### Data to process ###

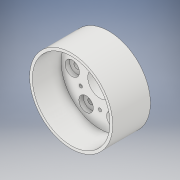
# Autodesk Inventor part: Base
Saved by Autodesk Inventor 2017 SP1 (Build 210196100, 196)
## iProperties
Created: 2017-09-22
Part Number: Base
Material: ABS Plastic
Document SubType Name: Modeling
Designer: Zach
Density: 1.06 g/cm^3
Appearance: CR White
Author: Zach
Autodesk Inventor part; units mm, degrees
ref_plane "YZ Plane" through (0, 0, 0) normal (1, 0, 0) x (0, 1, 0)
ref_plane "XZ Plane" through (0, 0, 0) normal (0, 1, 0) x (-1, 0, 0)
ref_plane "XY Plane" through (0, 0, 0) normal (0, 0, 1) x (1, 0, 0)
sketch "Sketch1" plane through (0, 0, 0) normal (0, 0, 1) x (1, 0, 0)
  circle A0 centre (0, 0) radius 37.5
  dimension "d0" = 75
  constraints: 1 centre point, 1 coincident
  measures "d0" diameter of A0
extrude "Extrusion1" add sketch "Sketch1" along normal blind 34
sketch "Sketch2" plane through (0, 0, 34) normal (0, 0, 1) x (1, 0, 0)
  circle A0 centre (0, 0) radius 37.5 projected
  circle A1 centre (0, 0) radius 35
  dimension "d105" = 70
  constraints: 1 centre point
  measures "d105" diameter of A1
extrude "Extrusion2" cut sketch "Sketch2" against normal blind 26 contours A1
sketch "Sketch3" plane through (0, 0, 8) normal (0, 0, 1) x (1, 0, 0)
  circle A0 centre (0, 0) radius 11
  dimension "d6" = 22
  constraints: 1 centre point, 1 coincident
  measures "d6" diameter of A0
extrude "Extrusion3" cut sketch "Sketch3" against normal through all
sketch "Sketch4" plane through (0, 0, 8) normal (0, 0, 1) x (1, 0, 0)
  circle A0 centre (25, 0) radius 6.5
  circle A1 centre (12.5, 21.6506) radius 6.5
  circle A2 centre (-12.5, 21.6506) radius 6.5
  circle A3 centre (-25, 0) radius 6.5
  circle A4 centre (-12.5, -21.6506) radius 6.5
  circle A5 centre (12.5, -21.6506) radius 6.5
  point P0 (0, 0)
  dimension "d9" = 13
  dimension "d10" = 25
  dimension "d13" = 360
  constraints: 6 centre point, 1 horizontal alignment, 13 other
  measures "d9" diameter of A0
  measures "d10" distance of point (0, 0) A0.centre
extrude "Extrusion4" cut sketch "Sketch4" against normal blind 4
sketch "Sketch5" plane through (0, 0, 8) normal (0, 0, 1) x (1, 0, 0)
  circle A0 centre (0, 0) radius 11 construction
  circle A1 centre (25, 0) radius 2.5
  circle A2 centre (12.5, 21.6506) radius 2.5
  circle A3 centre (-12.5, 21.6506) radius 2.5
  circle A4 centre (-25, 0) radius 2.5
  circle A5 centre (-12.5, -21.6506) radius 2.5
  circle A6 centre (12.5, -21.6506) radius 2.5
  dimension "d99" = 5
  dimension "d100" = 25
  dimension "d103" = 360
  constraints: 6 centre point, 1 coincident, 1 horizontal alignment, 13 other
  measures "d99" diameter of A1
  measures "d100" distance of A1.centre point (0, 0)
extrude "Extrusion5" cut sketch "Sketch5" against normal through all
sketch "Sketch6" plane through (0, 0, 8) normal (0, 0, 1) x (1, 0, 0)
  circle A0 centre (0, 20) radius 1.5
  circle A1 centre (-17.3205, 10) radius 1.5
  circle A2 centre (-17.3205, -10) radius 1.5
  circle A3 centre (0, -20) radius 1.5
  circle A4 centre (17.3205, -10) radius 1.5
  circle A5 centre (17.3205, 10) radius 1.5
  point P0 (0, 0)
  dimension "d24" = 3
  dimension "d25" = 20
  dimension "d28" = 360
  constraints: 6 centre point, 1 vertical alignment, 13 other
  measures "d24" diameter of A0
  measures "d25" distance of point (0, 0) A0.centre
extrude "Extrusion6" cut sketch "Sketch6" against normal through all
body "Solid1"

###

Please transcribe, word for word, every line from the first line of the records above through the line containing "0) x (0, 1, 0)", and leave out any pictures.

# Autodesk Inventor part: Base
Saved by Autodesk Inventor 2017 SP1 (Build 210196100, 196)
## iProperties
Created: 2017-09-22
Part Number: Base
Material: ABS Plastic
Document SubType Name: Modeling
Designer: Zach
Density: 1.06 g/cm^3
Appearance: CR White
Author: Zach
Autodesk Inventor part; units mm, degrees
ref_plane "YZ Plane" through (0, 0, 0) normal (1, 0, 0) x (0, 1, 0)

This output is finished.